▸ **ABOUT THIS EXERCISE**
Transcribe all the entries word for word, skipping the pictures.

==== MATERIAL FOR THIS EXERCISE ====

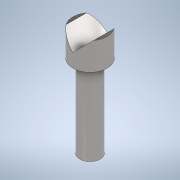
# Autodesk Inventor part: Yunque V
Saved by Autodesk Inventor 2020 (Build 240168000, 168)
## iProperties
Created: 2020-09-17
Part Number: Yunque V
Material: Steel AISI 1045 HV HR
Document SubType Name: Modeling
Designer: aaron
Density: 7.85 g/cm^3
Appearance: Steel - Polished
Author: aaron
Autodesk Inventor part; units mm, degrees
ref_plane "YZ Plane" through (0, 0, 0) normal (1, 0, 0) x (0, 1, 0)
ref_plane "XZ Plane" through (0, 0, 0) normal (0, 1, 0) x (-1, 0, 0)
ref_plane "XY Plane" through (0, 0, 0) normal (0, 0, 1) x (1, 0, 0)
sketch "Sketch1" plane through (0, 0, 0) normal (0, 0, 1) x (1, 0, 0)
  line L0 (-4.7371, 12.7) -> (3.2004, 12.7)
  line L1 (3.2004, 12.7) -> (3.2004, 0)
  line L2 (3.2004, 0) -> (0, 0)
  line L3 (0, 0) -> (0, -38.1)
  line L4 (0, -38.1) -> (-4.7371, -38.1)
  line L5 (-4.7371, -38.1) -> (-4.7371, 12.7)
  dimension "d0" = 9.4742
  dimension "d1" = 12.7
  dimension "d2" = 15.875
  dimension "d3" = 50.8
  constraints: 12 end point, 5 perpendicular, 1 coincident, 1 horizontal
  measures "d0" diameter of L3 L5
  measures "d1" distance between parallel lines of L2 L0
  measures "d2" diameter of L1 L5
  measures "d3" distance between parallel lines of L4 L0
revolve "Revolution1" add sketch "Sketch1" angle 360 about axis through (-4.7371, -38.1, 0) along (0, 1, 0)
sketch "Sketch3" plane through (0, 0, 0) normal (0, 0, 1) x (1, 0, 0)
  line L0 (-12.6746, 12.7) -> (3.2004, 12.7) projected
  line L1 (-12.6746, 0) -> (3.2004, 0) projected
  line L2 (-12.6746, 12.7) -> (3.2004, 12.7) projected
  line L3 (-11.0871, 12.7) -> (-4.7371, 6.35)
  line L4 (-4.7371, 6.35) -> (1.6129, 12.7)
  line L5 (-12.6746, 12.7) -> (3.2004, 12.7) projected
  line L6 (3.2004, 12.7) -> (3.2004, 0) projected
  line L7 (3.2004, 0) -> (0, 0) projected
  line L8 (0, 0) -> (0, -38.1) projected
  line L9 (0, -38.1) -> (-9.4742, -38.1) projected
  line L10 (-9.4742, -38.1) -> (-9.4742, 0) projected
  line L11 (-9.4742, 0) -> (-12.6746, 0) projected
  line L12 (-12.6746, 0) -> (-12.6746, 12.7) projected
  dimension "d5" = 1.5875
  dimension "d6" = 1.5875
  dimension "d7" = 45
  dimension "d8" = 45
  constraints: 4 end point, 2 point on line
  measures "d5" distance from line of L12 L3.start
  measures "d6" distance from line of L6 L4.end
  measures "d7" angle of L0 L3
  measures "d8" angle of L0 L4
extrude "Extrusion1" cut sketch "Sketch3" along normal mid plane 25.4 contours L0 L4 L3
body "Solid1"
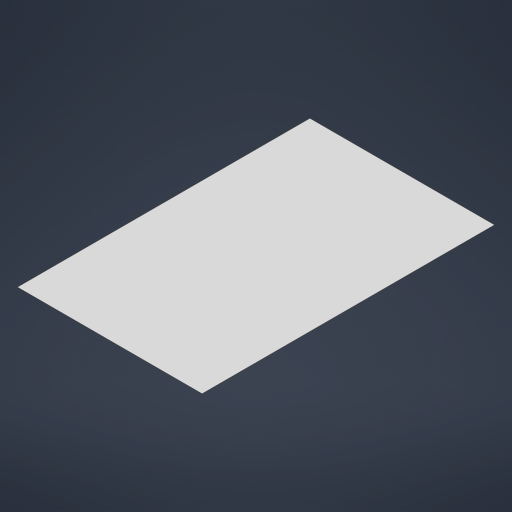
# Autodesk Inventor part: Paper piece
Saved by Autodesk Inventor 2024 (Build 280153000, 153)
## iProperties
Created: 2025-02-12
Part Number: Paper piece
Material: Generic
Document SubType Name: Modeling
Designer: Vincent Larson
Density: 1 g/cm^3
Appearance: Default
Author: Vincent Larson
Autodesk Inventor part; units mm, degrees
ref_plane "YZ Plane" through (0, 0, 0) normal (1, 0, 0) x (0, 1, 0)
ref_plane "XZ Plane" through (0, 0, 0) normal (0, 1, 0) x (-1, 0, 0)
ref_plane "XY Plane" through (0, 0, 0) normal (0, 0, 1) x (1, 0, 0)
sketch "Sketch1" plane through (0, 0, 0) normal (0, 1, 0) x (-1, 0, 0)
  line L0 (-30, 47.5) -> (30, 47.5)
  line L1 (30, 47.5) -> (30, -47.5)
  line L2 (30, -47.5) -> (-30, -47.5)
  line L3 (-30, -47.5) -> (-30, 47.5)
  line L4 (-30, 47.5) -> (30, -47.5) construction
  line L5 (30, 47.5) -> (-30, -47.5) construction
  point P0 (0, 0)
  dimension "d0" = 60
  dimension "d1" = 95
  constraints: 12 end point, 2 midpoint, 2 parallel, 1 horizontal, 1 perpendicular
  measures "d0" distance of L1.end L2.end
  measures "d1" distance of L0.end L1.end
extrude "Extrusion1" add sketch "Sketch1" along normal blind 0.0254
body "Solid1"

====

▸ **RESPONSE BELOW**
# Autodesk Inventor part: Yunque V
Saved by Autodesk Inventor 2020 (Build 240168000, 168)
## iProperties
Created: 2020-09-17
Part Number: Yunque V
Material: Steel AISI 1045 HV HR
Document SubType Name: Modeling
Designer: aaron
Density: 7.85 g/cm^3
Appearance: Steel - Polished
Author: aaron
Autodesk Inventor part; units mm, degrees
ref_plane "YZ Plane" through (0, 0, 0) normal (1, 0, 0) x (0, 1, 0)
ref_plane "XZ Plane" through (0, 0, 0) normal (0, 1, 0) x (-1, 0, 0)
ref_plane "XY Plane" through (0, 0, 0) normal (0, 0, 1) x (1, 0, 0)
sketch "Sketch1" plane through (0, 0, 0) normal (0, 0, 1) x (1, 0, 0)
  line L0 (-4.7371, 12.7) -> (3.2004, 12.7)
  line L1 (3.2004, 12.7) -> (3.2004, 0)
  line L2 (3.2004, 0) -> (0, 0)
  line L3 (0, 0) -> (0, -38.1)
  line L4 (0, -38.1) -> (-4.7371, -38.1)
  line L5 (-4.7371, -38.1) -> (-4.7371, 12.7)
  dimension "d0" = 9.4742
  dimension "d1" = 12.7
  dimension "d2" = 15.875
  dimension "d3" = 50.8
  constraints: 12 end point, 5 perpendicular, 1 coincident, 1 horizontal
  measures "d0" diameter of L3 L5
  measures "d1" distance between parallel lines of L2 L0
  measures "d2" diameter of L1 L5
  measures "d3" distance between parallel lines of L4 L0
revolve "Revolution1" add sketch "Sketch1" angle 360 about axis through (-4.7371, -38.1, 0) along (0, 1, 0)
sketch "Sketch3" plane through (0, 0, 0) normal (0, 0, 1) x (1, 0, 0)
  line L0 (-12.6746, 12.7) -> (3.2004, 12.7) projected
  line L1 (-12.6746, 0) -> (3.2004, 0) projected
  line L2 (-12.6746, 12.7) -> (3.2004, 12.7) projected
  line L3 (-11.0871, 12.7) -> (-4.7371, 6.35)
  line L4 (-4.7371, 6.35) -> (1.6129, 12.7)
  line L5 (-12.6746, 12.7) -> (3.2004, 12.7) projected
  line L6 (3.2004, 12.7) -> (3.2004, 0) projected
  line L7 (3.2004, 0) -> (0, 0) projected
  line L8 (0, 0) -> (0, -38.1) projected
  line L9 (0, -38.1) -> (-9.4742, -38.1) projected
  line L10 (-9.4742, -38.1) -> (-9.4742, 0) projected
  line L11 (-9.4742, 0) -> (-12.6746, 0) projected
  line L12 (-12.6746, 0) -> (-12.6746, 12.7) projected
  dimension "d5" = 1.5875
  dimension "d6" = 1.5875
  dimension "d7" = 45
  dimension "d8" = 45
  constraints: 4 end point, 2 point on line
  measures "d5" distance from line of L12 L3.start
  measures "d6" distance from line of L6 L4.end
  measures "d7" angle of L0 L3
  measures "d8" angle of L0 L4
extrude "Extrusion1" cut sketch "Sketch3" along normal mid plane 25.4 contours L0 L4 L3
body "Solid1"
# Autodesk Inventor part: Paper piece
Saved by Autodesk Inventor 2024 (Build 280153000, 153)
## iProperties
Created: 2025-02-12
Part Number: Paper piece
Material: Generic
Document SubType Name: Modeling
Designer: Vincent Larson
Density: 1 g/cm^3
Appearance: Default
Author: Vincent Larson
Autodesk Inventor part; units mm, degrees
ref_plane "YZ Plane" through (0, 0, 0) normal (1, 0, 0) x (0, 1, 0)
ref_plane "XZ Plane" through (0, 0, 0) normal (0, 1, 0) x (-1, 0, 0)
ref_plane "XY Plane" through (0, 0, 0) normal (0, 0, 1) x (1, 0, 0)
sketch "Sketch1" plane through (0, 0, 0) normal (0, 1, 0) x (-1, 0, 0)
  line L0 (-30, 47.5) -> (30, 47.5)
  line L1 (30, 47.5) -> (30, -47.5)
  line L2 (30, -47.5) -> (-30, -47.5)
  line L3 (-30, -47.5) -> (-30, 47.5)
  line L4 (-30, 47.5) -> (30, -47.5) construction
  line L5 (30, 47.5) -> (-30, -47.5) construction
  point P0 (0, 0)
  dimension "d0" = 60
  dimension "d1" = 95
  constraints: 12 end point, 2 midpoint, 2 parallel, 1 horizontal, 1 perpendicular
  measures "d0" distance of L1.end L2.end
  measures "d1" distance of L0.end L1.end
extrude "Extrusion1" add sketch "Sketch1" along normal blind 0.0254
body "Solid1"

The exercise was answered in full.